Le tre poesie di seguito sono inedite e sono dedicate alla città di Berlino, dove ho trascorso molto del mio tempo negli ultimi 15 anni. Il testo dal titolo Kottbusser Tor è stato letto durante una seduta del salotto Galzio.

Berlino/Amarcord 3

Misurare a sorsi l’attesa

dall’angolo ottuso. Berlino

è un castello incantato

solo la musica e i bicchieri

sorreggono il peso della sera

fra le stoviglie allegre tintinnanti.

Due in bicicletta sbirciano dentro,

se ne vanno – sfoglio distratto

Il tempo ritrovato.

Proust è un compagno di viaggio

spietato e il tempo sembra immobile,

sospeso.

                Ma ecco il sole che rinasce,

sospinge più in là quel timore

di tenebra che spunta ai lembi

esterni di una foglia.
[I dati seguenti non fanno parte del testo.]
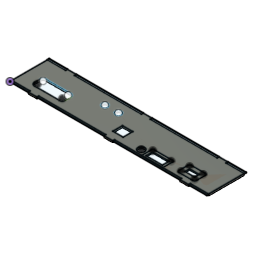
GBS 8200 Rückteil v5 (Autodesk Fusion 360 design; units mm, degrees)
Autodesk Fusion 360 part; units mm, degrees
sketch "Skizze1" plane through (0, 0, 0) normal (0, 1, 0) x (1, 0, 0)
  line L0 (0, 0) -> (204, 0)
  line L1 (204, 0) -> (204, 40.6)
  line L2 (204, 40.6) -> (0, 40.6)
  line L3 (0, 40.6) -> (0, 0)
  line L4 (0, 0) -> (18.8, 0)
  line L5 (18.8, 0) -> (18.8, 1.8)
  line L6 (18.8, 1.8) -> (0, 1.8)
  line L7 (0, 1.8) -> (0, 0)
  line L8 (28, 0) -> (97.4, 0)
  line L9 (97.4, 0) -> (97.4, 1.8)
  line L10 (97.4, 1.8) -> (28, 1.8)
  line L11 (28, 1.8) -> (28, 0)
  line L12 (106.6, 0) -> (176, 0)
  line L13 (176, 0) -> (176, 1.8)
  line L14 (176, 1.8) -> (106.6, 1.8)
  line L15 (106.6, 1.8) -> (106.6, 0)
  line L16 (204, 0) -> (185.2, 0)
  line L17 (185.2, 0) -> (185.2, 1.8)
  line L18 (185.2, 1.8) -> (204, 1.8)
  line L19 (204, 1.8) -> (204, 0)
  line L20 (0, 40.6) -> (18.8, 40.6)
  line L21 (18.8, 40.6) -> (18.8, 38.8)
  line L22 (18.8, 38.8) -> (0, 38.8)
  line L23 (0, 38.8) -> (0, 40.6)
  line L24 (97.4, 40.6) -> (28, 40.6)
  line L25 (28, 40.6) -> (28, 38.8)
  line L26 (28, 38.8) -> (97.4, 38.8)
  line L27 (97.4, 38.8) -> (97.4, 40.6)
  line L28 (204, 40.6) -> (185.2, 40.6)
  line L29 (185.2, 40.6) -> (185.2, 38.8)
  line L30 (185.2, 38.8) -> (204, 38.8)
  line L31 (204, 38.8) -> (204, 40.6)
  line L32 (176, 40.6) -> (106.6, 40.6)
  line L33 (106.6, 40.6) -> (106.6, 38.8)
  line L34 (106.6, 38.8) -> (176, 38.8)
  line L35 (176, 38.8) -> (176, 40.6)
  line L36 (42.59, 20.6) -> (16.59, 20.6)
  line L37 (13.59, 17.6) -> (13.59, 11.6)
  line L38 (16.59, 8.6) -> (42.59, 8.6)
  line L39 (45.59, 11.6) -> (45.59, 17.6)
  arc A0 (16.59, 20.6) -> (13.59, 17.6) centre (16.59, 17.6) ccw
  arc A1 (13.59, 11.6) -> (16.59, 8.6) centre (16.59, 11.6) ccw
  arc A2 (45.59, 17.6) -> (42.59, 20.6) centre (42.59, 17.6) ccw
  arc A3 (42.59, 8.6) -> (45.59, 11.6) centre (42.59, 11.6) ccw
  line L40 (97.99, 18.6) -> (108.69, 18.6)
  line L41 (108.69, 18.6) -> (108.69, 8.6)
  line L42 (108.69, 8.6) -> (97.99, 8.6)
  line L43 (97.99, 8.6) -> (97.99, 18.6)
  circle A4 centre (129.19, 6.9) radius 3.5
  line L44 (137.19, 10.8) -> (154.09, 10.8)
  line L45 (154.09, 10.8) -> (154.09, 3.8)
  line L46 (154.09, 3.8) -> (137.19, 3.8)
  line L47 (137.19, 3.8) -> (137.19, 10.8)
  line L48 (171.59, 14.6) -> (181.59, 14.6)
  line L49 (181.59, 14.6) -> (181.59, 9.8)
  line L50 (181.59, 9.8) -> (171.59, 9.8)
  line L51 (171.59, 9.8) -> (171.59, 14.6)
  circle A5 centre (70.59, 27.8) radius 3
  circle A6 centre (84.59, 27.8) radius 3
  line L52 (169.59, 18.6) -> (183.59, 18.6)
  line L53 (185.59, 16.6) -> (185.59, 7.8)
  line L54 (183.59, 5.8) -> (169.59, 5.8)
  line L55 (167.59, 7.8) -> (167.59, 16.6)
  arc A7 (169.59, 18.6) -> (167.59, 16.6) centre (169.59, 16.6) ccw
  arc A8 (185.59, 16.6) -> (183.59, 18.6) centre (183.59, 16.6) ccw
  arc A9 (167.59, 7.8) -> (169.59, 5.8) centre (169.59, 7.8) ccw
  arc A10 (183.59, 5.8) -> (185.59, 7.8) centre (183.59, 7.8) ccw
  line L56 (134.69, 1.8) -> (156.59, 1.8)
  line L57 (156.59, 1.8) -> (156.59, 11.8)
  line L58 (155.09, 13.3) -> (136.19, 13.3)
  line L59 (134.69, 11.8) -> (134.69, 1.8)
  arc A11 (136.19, 13.3) -> (134.69, 11.8) centre (136.19, 11.8) ccw
  arc A12 (156.59, 11.8) -> (155.09, 13.3) centre (155.09, 11.8) ccw
  dimension "d1" = 204
  dimension "d2" = 40.6
  dimension "d3" = 18.8
  dimension "d4" = 1.8
  dimension "d6" = 1.8
  dimension "d7" = 9.2
  dimension "d8" = 97.4
  dimension "d10" = 1.8
  dimension "d11" = 9.2
  dimension "d12" = 18.8
  dimension "d13" = 1.8
  dimension "d14" = 9.2
  dimension "d15" = 18.8
  dimension "d16" = 1.8
  dimension "d18" = 1.8
  dimension "d19" = 9.2
  dimension "d20" = 97.4
  dimension "d21" = 18.8
  dimension "d22" = 1.8
  dimension "d24" = 1.8
  dimension "d25" = 9.2
  dimension "d26" = 9.2
  dimension "d39" = 6.8
  dimension "d40" = 3
  dimension "d41" = 3
  dimension "d42" = 3
  dimension "d43" = 3
  dimension "d91" = 13.59
  dimension "d92" = 52.4
  dimension "d93" = 6.8
  dimension "d94" = 10.7
  dimension "d95" = 10
  dimension "d96" = 7
  dimension "d97" = 20.5
  dimension "d98" = 5.1
  dimension "d99" = 8
  dimension "d100" = 16.9
  dimension "d101" = 2
  dimension "d102" = 7
  dimension "d103" = 17.5
  dimension "d104" = 10
  dimension "d105" = 8
  dimension "d106" = 4.8
  dimension "d110" = 14
  dimension "d114" = 11
  dimension "d115" = 11
  dimension "d116" = 6
  dimension "d117" = 6
  dimension "d118" = 4
  dimension "d119" = 4
  dimension "d120" = 4
  dimension "d121" = 4
  dimension "d122" = 2
  dimension "d123" = 2
  dimension "d124" = 2
  dimension "d125" = 2
  dimension "d126" = 2.5
  dimension "d127" = 2.5
  dimension "d128" = 2.5
  dimension "d143" = 1.5
  dimension "d144" = 1.5
  constraint horizontal L0
  constraint vertical L1
  constraint horizontal L2
  constraint vertical L3
  constraint coincident L0.start L3.end
  constraint horizontal L4
  constraint vertical L5
  constraint horizontal L6
  constraint vertical L7
  constraint horizontal L8
  constraint vertical L9
  constraint horizontal L10
  constraint vertical L11
  constraint coincident L0 L8.start
  constraint horizontal L12
  constraint vertical L13
  constraint horizontal L14
  constraint vertical L15
  constraint coincident L0 L12.start
  constraint horizontal L16
  constraint vertical L17
  constraint horizontal L18
  constraint vertical L19
  constraint horizontal L20
  constraint vertical L21
  constraint horizontal L22
  constraint vertical L23
  constraint horizontal L24
  constraint vertical L25
  constraint horizontal L26
  constraint vertical L27
  constraint coincident L2 L24.start
  constraint horizontal L28
  constraint vertical L29
  constraint horizontal L30
  constraint vertical L31
  constraint horizontal L32
  constraint vertical L33
  constraint horizontal L34
  constraint vertical L35
  constraint coincident L2 L32.start
  constraint horizontal L36
  constraint vertical L37
  constraint horizontal L38
  constraint vertical L39
  constraint tangent L37 A0
  constraint tangent L36 A0
  constraint tangent L37 A1
  constraint tangent L38 A1
  constraint tangent L36 A2
  constraint tangent L39 A2
  constraint tangent L39 A3
  constraint tangent L38 A3
  constraint horizontal L40
  constraint vertical L41
  constraint horizontal L42
  constraint vertical L43
  constraint horizontal L44
  constraint vertical L45
  constraint horizontal L46
  constraint vertical L47
  constraint horizontal L48
  constraint vertical L49
  constraint horizontal L50
  constraint vertical L51
  constraint horizontal L52
  constraint vertical L53
  constraint horizontal L54
  constraint vertical L55
  constraint tangent L52 A7
  constraint tangent L55 A7
  constraint tangent L52 A8
  constraint tangent L53 A8
  constraint tangent L55 A9
  constraint tangent L54 A9
  constraint tangent L53 A10
  constraint tangent L54 A10
  constraint horizontal L56
  constraint vertical L57
  constraint horizontal L58
  constraint vertical L59
  constraint coincident L14 L56.start
  constraint tangent L58 A11
  constraint tangent L59 A11
  constraint tangent L58 A12
  constraint tangent L57 A12
  measures "d1" distance of L0.start L0.end
  measures "d2" distance of L0.start L2.end
  measures "d3" distance of L0.start L4.end
  measures "d4" distance of L0.start L6.end
  measures "d6" distance of L8.start L10.end
  measures "d7" distance of L4.end L8.start
  measures "d8" distance of L3 L9
  measures "d10" distance of L12.start L14.end
  measures "d11" distance of L8.end L12.start
  measures "d12" distance of L0.end L16.end
  measures "d13" distance of L0.end L18.end
  measures "d14" distance of L13.end L17.end
  measures "d15" distance of L2.end L20.end
  measures "d16" distance of L2.end L22.end
  measures "d18" distance of L24.start L26.end
  measures "d19" distance of L21.end L25.end
  measures "d20" distance of L22.end L26.end
  measures "d21" distance of L1.end L28.end
  measures "d22" distance of L1.end L30.end
  measures "d24" distance of L32.start L34.end
  measures "d25" distance of L28.end L32.start
  measures "d26" distance of L26.end L33.end
  measures "d39" distance of L10 L38
  measures "d40" radius of A0
  measures "d41" radius of A1
  measures "d42" radius of A2
  measures "d43" radius of A3
  measures "d91" distance of L3 L37
  measures "d92" distance of L39 L43
  measures "d93" distance of L14 L42
  measures "d94" distance of L40.start L40.end
  measures "d95" distance of L40 L42
  measures "d96" diameter of A4
  measures "d97" distance of L41 A4.centre
  measures "d98" distance of L14 A4.centre
  measures "d99" distance of A4.centre L47
  measures "d100" distance of L44.start L44.end
  measures "d101" distance of L14 L46
  measures "d102" distance of L44.end L46
  measures "d103" distance of L45 L51
  measures "d104" distance of L48.start L48.end
  measures "d105" distance of L14 L50.end
  measures "d106" distance of L48.end L49.end
  measures "d110" horizontal distance of A5.centre A6.centre
  measures "d114" distance of L26 A5.centre
  measures "d115" distance of L26 A6.centre
  measures "d116" diameter of A5
  measures "d117" diameter of A6
  measures "d118" distance of L51 L55
  measures "d119" distance of L49 L53
  measures "d120" distance of L48 L52
  measures "d121" distance of L50 L54
  measures "d122" radius of A7
  measures "d123" radius of A8
  measures "d124" radius of A9
  measures "d125" radius of A10
  measures "d126" distance of L47 L59
  measures "d127" distance of L45 L57
  measures "d128" distance of L44 L58
  measures "d143" radius of A11
  measures "d144" radius of A12
extrude "Extrusion22" add sketch "Skizze1" against normal blind 1.8 contours L0 L1 L2 L3 L5 L6 L9 L10 L11 L13 L14 L15 L17 L18 L21 L22 L25 L26 L27 L29 L30 L33 L34 L35 L57 L58 L59 A11 A12
extrude "Extrusion23" add sketch "Skizze1" against normal blind 1.2 contours L14 L56 L57 L58 L59 A11 A12 | L52 L53 L54 L55 A7 A8 A9 A10
extrude "Extrusion1" [suppressed]
extrude "Extrusion2" [suppressed]
extrude "Extrusion3" [suppressed]
extrude "Extrusion4" [suppressed]
extrude "Extrusion5" [suppressed]

Chiudo il libro

è tempo di un buon vino.

****

Kottbusser Tor

La piazza non è una vera piazza

e sempre disorienta.

Nel traffico di bancarelle

l’orientamento è in bilico.

In fondo, in lontananza,

sembra di scorgere un ponte

e il richiamo del fiume ti cattura:

ma di là c’è Istanbul

e allora la porta girevole

fra due mondi ti trattiene

incerto sul che fare alla fine

ci si ferma un po’ a sognare.

***

Schlachten See

A Franco Sepe

È un cerchio magico di acqua e bosco

il luogo delle nostre passeggiate.

D’estate è una spiaggia di Berlino

d’inverno è ghiaccio e silenzio.

Quando il gelo si rompe

e il sentiero risorge pulito

nell’aria frizzante di aprile

si torna di nuovo a girare in tondo

fino a quel bar con i tavoli fuori

al sole che riscalda ma non brucia.

Sembra che la natura abbia

un altro passo, o forse l’antica

foresta dei druidi ci alita

addosso e ci protegge. Così tace

qui la città, si fa meditativa …   


3 Amarcord è un bar di Berlino situato in Handjerystrasse 55 nella zona di Friedenau. Non ha nulla di particolare ma. come altri luoghi a Berlino, è sempre teatro di qualche evento imprevedibile, musicale o letterario. Inoltre è un bar libreria con una forte propensione per la cultura e la narrativa italiane.